Shireen Nicholson and a group of volunteers dish up twice a day, at noon and again at 17:00, to feed the children of Lavender Hill. (Photo: Jan Ras)
These children rely on the school feeding scheme for their only hot meal of the day. With schools shut, and no government-sponsored food parcels in sight, the Nicholsons have stepped up their feeding scheme to feed their neighbours seven days a week.
“We used to give food twice a week, after sporting activities, but the need increased drastically after the lockdown. People here work in construction and maintenance. They have been out of work for weeks. Some of them are too embarrassed to come out and collect food. We deliver food to their houses. We also take food to the elderly.”

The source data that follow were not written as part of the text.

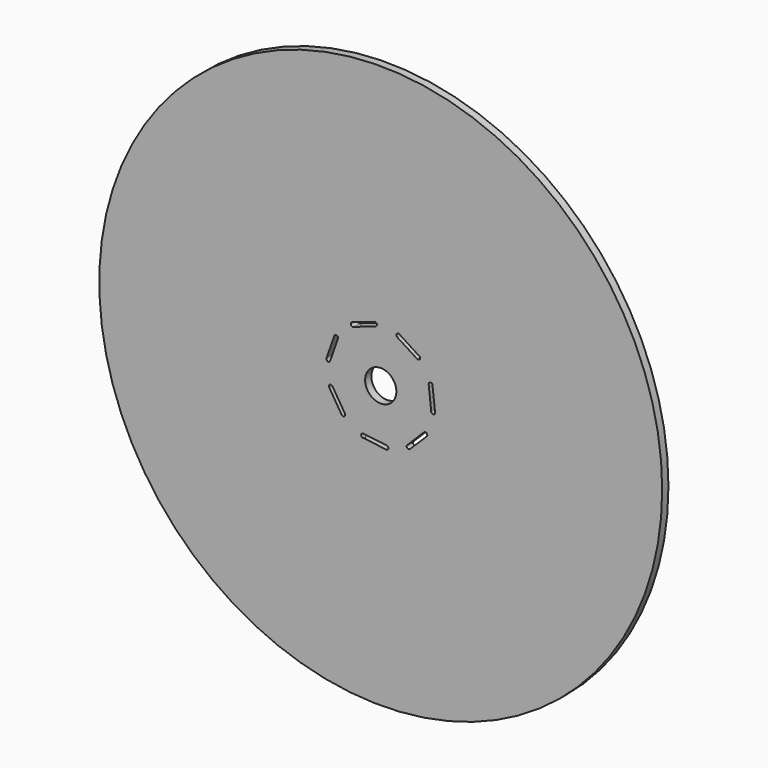
from build123d import *

# Parameters (mm, degrees)
F0_R     = 228.6
F1_DEPTH = 6.35
F3_DEPTH = 6.351
F4_R     = 12.7
F5_DEPTH = 6.351


# Not quite as in the source:
# - ends of sketch curves that miss each other by under 0.0002 mm in the source are joined


with BuildPart() as f1:
    # F0 (on Front) → F1 (new body)
    with BuildSketch(Plane.XZ):
        Circle(F0_R)
    extrude(amount=F1_DEPTH)

    # F2 (on face) → F3 (cut, through all)
    with BuildSketch(Plane(origin=(0, 0, 0), x_dir=(-1, 0, 0), z_dir=(0, 1, 0))):
        with BuildLine():
            Line((4.4618826202, 41.03312384), (22.1427530806, 34.8808349771))
            ThreePointArc((22.1427530806, 34.8808349771), (24.1653047772, 35.8628309135), (23.1774067066, 37.8825063297))
            Line((23.1774067066, 37.8825063297), (5.5701325615, 43.8941330325))
            Line((5.5701325615, 43.8941330325), (4.6801519701, 44.1979978468))
            ThreePointArc((4.6801519701, 44.1979978468), (3.5809145294, 43.7979774539), (3.0541190675, 42.7535519863))
            ThreePointArc((3.0541190675, 42.7535519863), (3.4066096848, 41.6058073542), (4.4618826202, 41.03312384))
        make_face()
        with BuildLine():
            Line((4.6801519701, 44.1979978468), (5.5701325615, 43.8941330325))
            ThreePointArc((5.5701325615, 43.8941330325), (5.1481595065, 44.1134796096), (4.6801519701, 44.1979978468))
        make_face()
        with BuildLine():
            Line((-31.727890274, 31.0981475896), (-30.7078696735, 31.753608073))
            ThreePointArc((-30.7078696735, 31.753608073), (-31.2829212175, 31.5270943199), (-31.727890274, 31.0981475896))
        make_face()
        with BuildLine():
            Line((-15.1702982711, 41.737979033), (-30.7078696735, 31.753608073))
            Line((-30.7078696735, 31.753608073), (-31.727890274, 31.0981475896))
            ThreePointArc((-31.727890274, 31.0981475896), (-31.5281772375, 29.050280341), (-29.4747442403, 28.9196721839))
            Line((-29.4747442403, 28.9196721839), (-13.4626581421, 39.061324038))
            ThreePointArc((-13.4626581421, 39.061324038), (-12.9781507091, 41.2534716), (-15.1702982711, 41.737979033))
        make_face()
        with BuildLine():
            Line((-40.992265014, -4.8302478058), (-38.9334293172, 13.8267433983))
            ThreePointArc((-38.9334293172, 13.8267433983), (-40.5597026781, 15.5876336173), (-42.0757424664, 13.7309907417))
            Line((-42.0757424664, 13.7309907417), (-44.151831017, -4.7859890094))
            ThreePointArc((-44.151831017, -4.7859890094), (-42.5964510469, -6.5502125075), (-40.992265014, -4.8302478058))
        make_face()
        with BuildLine():
            Line((34.8455227588, 22.1234679996), (41.0769142774, 4.4353792716))
            ThreePointArc((41.0769142774, 4.4353792716), (43.1041953835, 3.4664465633), (44.0697534768, 5.4953371086))
            Line((44.0697534768, 5.4953371086), (37.7754084063, 23.174174494))
            Line((37.7754084063, 23.174174494), (37.5676840132, 23.7576070393))
            ThreePointArc((37.5676840132, 23.7576070393), (35.3876634671, 24.3047338716), (34.8455227588, 22.1234679996))
        make_face()
        with BuildLine():
            Line((37.5676840132, 23.7576070393), (37.7754084063, 23.174174494))
            ThreePointArc((37.7754084063, 23.174174494), (37.7002728684, 23.4761185604), (37.5676840132, 23.7576070393))
        make_face()
        with BuildLine():
            Line((-23.6211183536, -37.6470325436), (-23.9224947466, -37.3484117712))
            ThreePointArc((-23.9224947466, -37.3484117712), (-23.7818274542, -37.5078355326), (-23.6211183536, -37.6470325436))
        make_face()
        with BuildLine():
            Line((-37.3220998756, -24.0713252866), (-23.9224947466, -37.3484117712))
            Line((-23.9224947466, -37.3484117712), (-23.6211183536, -37.6470325436))
            ThreePointArc((-23.6211183536, -37.6470325436), (-21.3089064889, -37.2063703199), (-21.9768545063, -34.9493031191))
            Line((-21.9768545063, -34.9493031191), (-35.0812263092, -21.8220953205))
            ThreePointArc((-35.0812263092, -21.8220953205), (-37.3262780755, -21.8262735204), (-37.3220998756, -24.0713252866))
        make_face()
        with BuildLine():
            Line((14.1274943747, -38.8257185152), (-4.6460917137, -41.0236705883))
            ThreePointArc((-4.6460917137, -41.0236705883), (-6.2226980939, -42.6185631758), (-4.6312320578, -44.1986283327))
            Line((-4.6312320578, -44.1986283327), (-4.2448360729, -44.1498861266))
            Line((-4.2448360729, -44.1498861266), (13.7359027682, -41.8816925861))
            Line((13.7359027682, -41.8816925861), (15.2375878216, -41.6922614193))
            ThreePointArc((15.2375878216, -41.6922614193), (15.7924641961, -39.8291626809), (14.1274943747, -38.8257185152))
        make_face()
        with BuildLine():
            Line((-4.2448360729, -44.1498861266), (-4.6312320578, -44.1986283327))
            ThreePointArc((-4.6312320578, -44.1986283327), (-4.4365336717, -44.1861513585), (-4.2448360729, -44.1498861266))
        make_face()
        with BuildLine():
            ThreePointArc((13.8057650277, -41.9070382349), (14.5475871245, -41.9723850949), (15.2375878216, -41.6922614193))
            Line((15.2375878216, -41.6922614193), (13.8057650277, -41.9070382349))
        make_face()
        with BuildLine():
            Line((13.8057650277, -41.9070382349), (15.2375878216, -41.6922614193))
            Line((15.2375878216, -41.6922614193), (13.7359027682, -41.8816925861))
            ThreePointArc((13.7359027682, -41.8816925861), (13.7706855601, -41.8947742862), (13.8057650277, -41.9070382349))
        make_face()
        with BuildLine():
            Line((39.1205111726, -13.2355457292), (29.0774053416, -29.3519750753))
            ThreePointArc((29.0774053416, -29.3519750753), (29.5860528198, -31.5394518473), (31.7731794636, -31.0293009591))
            Line((31.7731794636, -31.0293009591), (41.6947378015, -15.0590532006))
            Line((41.6947378015, -15.0590532006), (41.9843072327, -14.5929474337))
            ThreePointArc((41.9843072327, -14.5929474337), (41.1912924211, -12.5663543268), (39.1205111726, -13.2355457292))
        make_face()
        with BuildLine():
            Line((41.9843072327, -14.5929474337), (41.6947378015, -15.0590532006))
            ThreePointArc((41.6947378015, -15.0590532006), (41.8598142795, -14.8386066278), (41.9843072327, -14.5929474337))
        make_face()
    extrude(amount=-F3_DEPTH, mode=Mode.SUBTRACT)

    # F4 (on face) → F5 (cut, through all)
    with BuildSketch(Plane.XZ.offset(6.35)):
        Circle(F4_R)
    extrude(amount=-F5_DEPTH, mode=Mode.SUBTRACT)


solid = f1.part
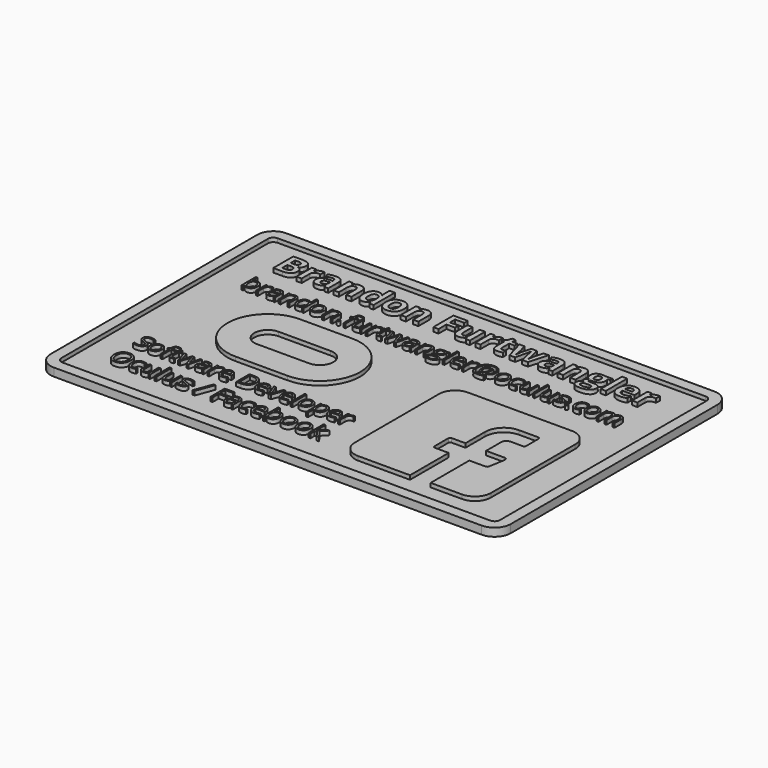
from build123d import *

# Parameters (mm, degrees)
F7_DEPTH     = 0.75
F6_TEXT_SIZE = 4.6465196479
F4_TEXT_SIZE = 4.3980640664
F3_TEXT_SIZE = 6.5258557902
F5_TEXT_SIZE = 4.3243243243
F8_DEPTH     = 1.5


# Not quite as in the source:
# - Text() gives the source's letters only with a copy of the font that has no kerning and outlines rounded to 1/6400 em; it was checked with that copy


with BuildPart() as f7:
    # F0 (on Top) → F7 (new body)
    with BuildSketch(Plane.XY):
        with BuildLine():
            Line((39.75, 23.1077305627), (-39.75, 23.1077305627))
            ThreePointArc((-39.75, 23.1077305627), (-40.4571067812, 22.8148373439), (-40.75, 22.1077305627))
            Line((-40.75, 22.1077305627), (-40.75, -25.8922694373))
            ThreePointArc((-40.75, -25.8922694373), (-40.4571067812, -26.5993762185), (-39.75, -26.8922694373))
            Line((-39.75, -26.8922694373), (39.75, -26.8922694373))
            ThreePointArc((39.75, -26.8922694373), (40.4571067812, -26.5993762185), (40.75, -25.8922694373))
            Line((40.75, -25.8922694373), (40.75, 22.1077305627))
            ThreePointArc((40.75, 22.1077305627), (40.4571067812, 22.8148373439), (39.75, 23.1077305627))
        make_face()
    extrude(amount=F7_DEPTH)

    # F0 (on Top) + F1 (on Top) + F2 (on Top) + F6 (on Top) + F4 (on Top) + F3 (on Top) + F5 (on Top) → F8 (join)
    with BuildSketch(Plane.XY):
        with BuildLine():
            Line((39.75, 25.1077305627), (-39.75, 25.1077305627))
            ThreePointArc((-39.75, 25.1077305627), (-41.8713203436, 24.2290509062), (-42.75, 22.1077305627))
            Line((-42.75, 22.1077305627), (-42.75, -25.8922694373))
            ThreePointArc((-42.75, -25.8922694373), (-41.8713203436, -28.0135897809), (-39.75, -28.8922694373))
            Line((-39.75, -28.8922694373), (39.75, -28.8922694373))
            ThreePointArc((39.75, -28.8922694373), (41.8713203436, -28.0135897809), (42.75, -25.8922694373))
            Line((42.75, -25.8922694373), (42.75, 22.1077305627))
            ThreePointArc((42.75, 22.1077305627), (41.8713203436, 24.2290509062), (39.75, 25.1077305627))
        make_face()
        with BuildLine():
            ThreePointArc((-40.75, 22.1077305627), (-40.4571067812, 22.8148373439), (-39.75, 23.1077305627))
            Line((-39.75, 23.1077305627), (39.75, 23.1077305627))
            ThreePointArc((39.75, 23.1077305627), (40.4571067812, 22.8148373439), (40.75, 22.1077305627))
            Line((40.75, 22.1077305627), (40.75, -25.8922694373))
            ThreePointArc((40.75, -25.8922694373), (40.4571067812, -26.5993762185), (39.75, -26.8922694373))
            Line((39.75, -26.8922694373), (-39.75, -26.8922694373))
            ThreePointArc((-39.75, -26.8922694373), (-40.4571067812, -26.5993762185), (-40.75, -25.8922694373))
            Line((-40.75, -25.8922694373), (-40.75, 22.1077305627))
        make_face(mode=Mode.SUBTRACT)
    with BuildSketch(Plane.XY):
        with BuildLine():
            Line((31.4093656167, 2.5085634552), (12.0937996283, 2.5085634552))
            ThreePointArc((12.0937996283, 2.5085634552), (9.9724792848, 1.6298837988), (9.0937996283, -0.4914365448))
            Line((9.0937996283, -0.4914365448), (9.0937996283, -20.0372585356))
            ThreePointArc((9.0937996283, -20.0372585356), (9.9724792848, -22.1585788792), (12.0937996283, -23.0372585356))
            Line((12.0937996283, -23.0372585356), (21.7515826225, -23.0372585356))
            Line((21.7515826225, -23.0372585356), (21.7515826225, -14.0581438318))
            Line((21.7515826225, -14.0581438318), (19.1341364264, -14.0581438318))
            ThreePointArc((19.1341364264, -14.0581438318), (18.9220043921, -13.9702758661), (18.8341364264, -13.7581438318))
            Line((18.8341364264, -13.7581438318), (18.8341364264, -10.45761399))
            ThreePointArc((18.8341364264, -10.45761399), (18.9220043921, -10.2454819557), (19.1341364264, -10.15761399))
            Line((19.1341364264, -10.15761399), (21.7515826225, -10.15761399))
            Line((21.7515826225, -10.15761399), (21.7515826225, -5.6088223439))
            ThreePointArc((21.7515826225, -5.6088223439), (22.7767088884, -3.1339486097), (25.2515826225, -2.1088223439))
            Line((25.2515826225, -2.1088223439), (28.8716940053, -2.1088223439))
            ThreePointArc((28.8716940053, -2.1088223439), (29.0838260397, -2.1966903095), (29.1716940053, -2.4088223439))
            Line((29.1716940053, -2.4088223439), (29.1716940053, -5.3830801574))
            ThreePointArc((29.1716940053, -5.3830801574), (29.0838260397, -5.5952121918), (28.8716940053, -5.6830801574))
            Line((28.8716940053, -5.6830801574), (26.584375026, -5.6830801574))
            ThreePointArc((26.584375026, -5.6830801574), (25.8772682448, -5.9759733762), (25.584375026, -6.6830801574))
            Line((25.584375026, -6.6830801574), (25.584375026, -10.15761399))
            Line((25.584375026, -10.15761399), (28.9974417876, -10.15761399))
            ThreePointArc((28.9974417876, -10.15761399), (29.3797737985, -10.3353994134), (29.4902135757, -10.7423250564))
            Line((29.4902135757, -10.7423250564), (28.9773130896, -13.7259126849))
            ThreePointArc((28.9773130896, -13.7259126849), (28.8408673204, -13.9640094406), (28.5830956591, -14.0581438318))
            Line((28.5830956591, -14.0581438318), (25.584375026, -14.0581438318))
            Line((25.584375026, -14.0581438318), (25.584375026, -23.0372585356))
            Line((25.584375026, -23.0372585356), (31.4093656167, -23.0372585356))
            ThreePointArc((31.4093656167, -23.0372585356), (33.5306859603, -22.1585788792), (34.4093656167, -20.0372585356))
            Line((34.4093656167, -20.0372585356), (34.4093656167, -0.4914365448))
            ThreePointArc((34.4093656167, -0.4914365448), (33.5306859603, 1.6298837988), (31.4093656167, 2.5085634552))
        make_face()
    with BuildSketch(Plane.XY):
        with BuildLine():
            ThreePointArc((-21.3126111776, 5.2594595402), (-28.8126111776, -2.2405404598), (-21.3126111776, -9.7405404598))
            Line((-21.3126111776, -9.7405404598), (-11.6418842226, -9.7405404598))
            ThreePointArc((-11.6418842226, -9.7405404598), (-4.1418842226, -2.2405404598), (-11.6418842226, 5.2594595402))
            Line((-11.6418842226, 5.2594595402), (-21.3126111776, 5.2594595402))
        make_face()
        with BuildLine():
            Line((-11.6303116083, -4.7405404598), (-21.3115867227, -4.7405404598))
            ThreePointArc((-21.3115867227, -4.7405404598), (-23.8115867227, -2.2405404598), (-21.3115867227, 0.2594595402))
            Line((-21.3115867227, 0.2594595402), (-11.6303116083, 0.2594595402))
            ThreePointArc((-11.6303116083, 0.2594595402), (-9.1303116083, -2.2405404598), (-11.6303116083, -4.7405404598))
        make_face(mode=Mode.SUBTRACT)
    with BuildSketch(Plane.XY):
        with Locations((-35.75, -21.8922694373)):
            Text('Oculus / Facebook', F6_TEXT_SIZE, font='Open Sans', text_align=(TextAlign.LEFT, TextAlign.BOTTOM))
    with BuildSketch(Plane.XY):
        with Locations((-35, 8.2633425926)):
            Text('brandon.furtwangler@oculus.com', F4_TEXT_SIZE, font='Open Sans', text_align=(TextAlign.LEFT, TextAlign.BOTTOM))
    with BuildSketch(Plane.XY):
        with Locations((-35, 15.4091143937)):
            Text('Brandon Furtwangler', F3_TEXT_SIZE, font='Open Sans', font_style=FontStyle.BOLD, text_align=(TextAlign.LEFT, TextAlign.BOTTOM))
    with BuildSketch(Plane.XY):
        with Locations((-35.75, -15.8922694373)):
            Text('Software Developer', F5_TEXT_SIZE, font='Open Sans', text_align=(TextAlign.LEFT, TextAlign.BOTTOM))
    extrude(amount=F8_DEPTH)


solid = f7.part
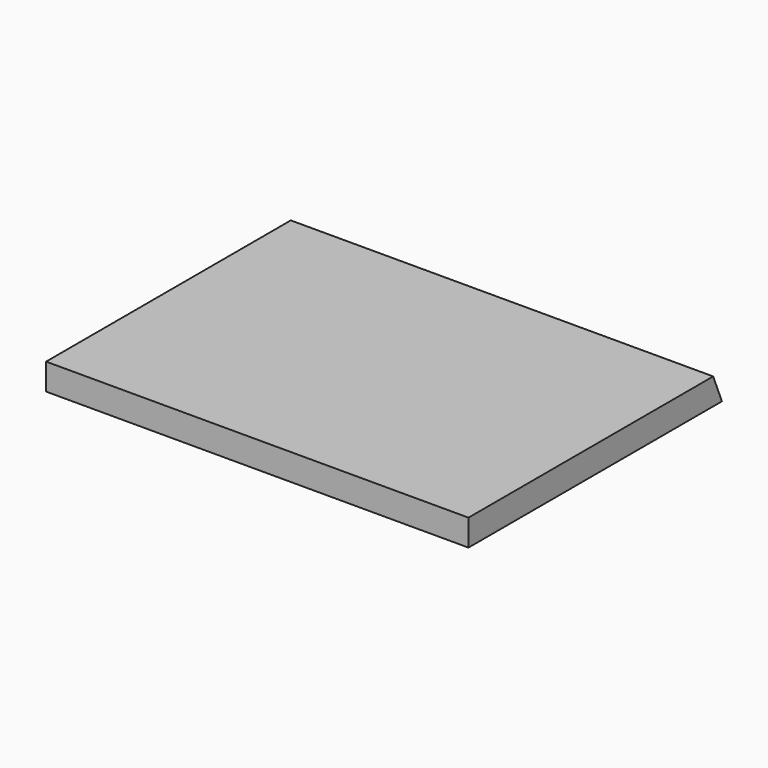
from build123d import *

# Parameters (mm, degrees)
F0_W     = 304.8
F0_H     = 228.6
F1_DEPTH = 19.05
F2_SIZE2 = 7.890758
F2_SIZE  = 19.04999


# Not quite as in the source:
# - a fillet or chamfer is up to 0.001 mm smaller than in the source, because OpenCascade refuses the exact size


with BuildPart() as f1:
    # F0 (on Top) → F1 (new body)
    with BuildSketch(Plane.XY):
        Rectangle(F0_W, F0_H)
    extrude(amount=F1_DEPTH)

    # F2 (size 19.05 and 7.8907683632 in the source; OpenCascade refuses exactly that, so slightly less here)
    f2_edges = [f1.edges().sort_by_distance(p)[0] for p in [
        (0, 114.3, 19.05),
    ]]
    f2_side = f1.faces().sort_by_distance((0, 114.3, 9.525))[0]
    chamfer(f2_edges, length=F2_SIZE, length2=F2_SIZE2, reference=f2_side)


solid = f1.part

Inside their humble home, the Nicholsons have two gas stoves running almost permanently. They now serve two meals per day, seven days a week. At noon, it is a hot stew with porridge, bread and apples. At 17:00, they serve another hot meal of pasta and pilchards.
Natasha Nicholson, Mark and Shireen’s daughter, is the main cook in their kitchen for the Lavender Hill Sports Club feeding scheme. (Photo: Jan Ras)
By 11:30 the children from the area start to gather on the battleground with their bakkies. Their daughter, Natasha, and other volunteers put out orange traffic cones to make sure social distancing is observed.
Wash hands
Some of the children wear face masks, but most do not. It is not an essential item when you are in a daily battle against hunger.
At the beginning of the lockdown period in March, hundreds of children queued for food, but it was picked up by the government’s CCTV cameras and they were asked to lower the number. Luckily, more Good Samaritans moved into the area to feed some of the other blocks of flats, or as they are called here, “courts”.
Mark Nicholson prays before every meal he and his family serves to the community of Lavender Hill. (Photo: Jan Ras)
Every meal includes two slices of bread. (Photo Jan Ras)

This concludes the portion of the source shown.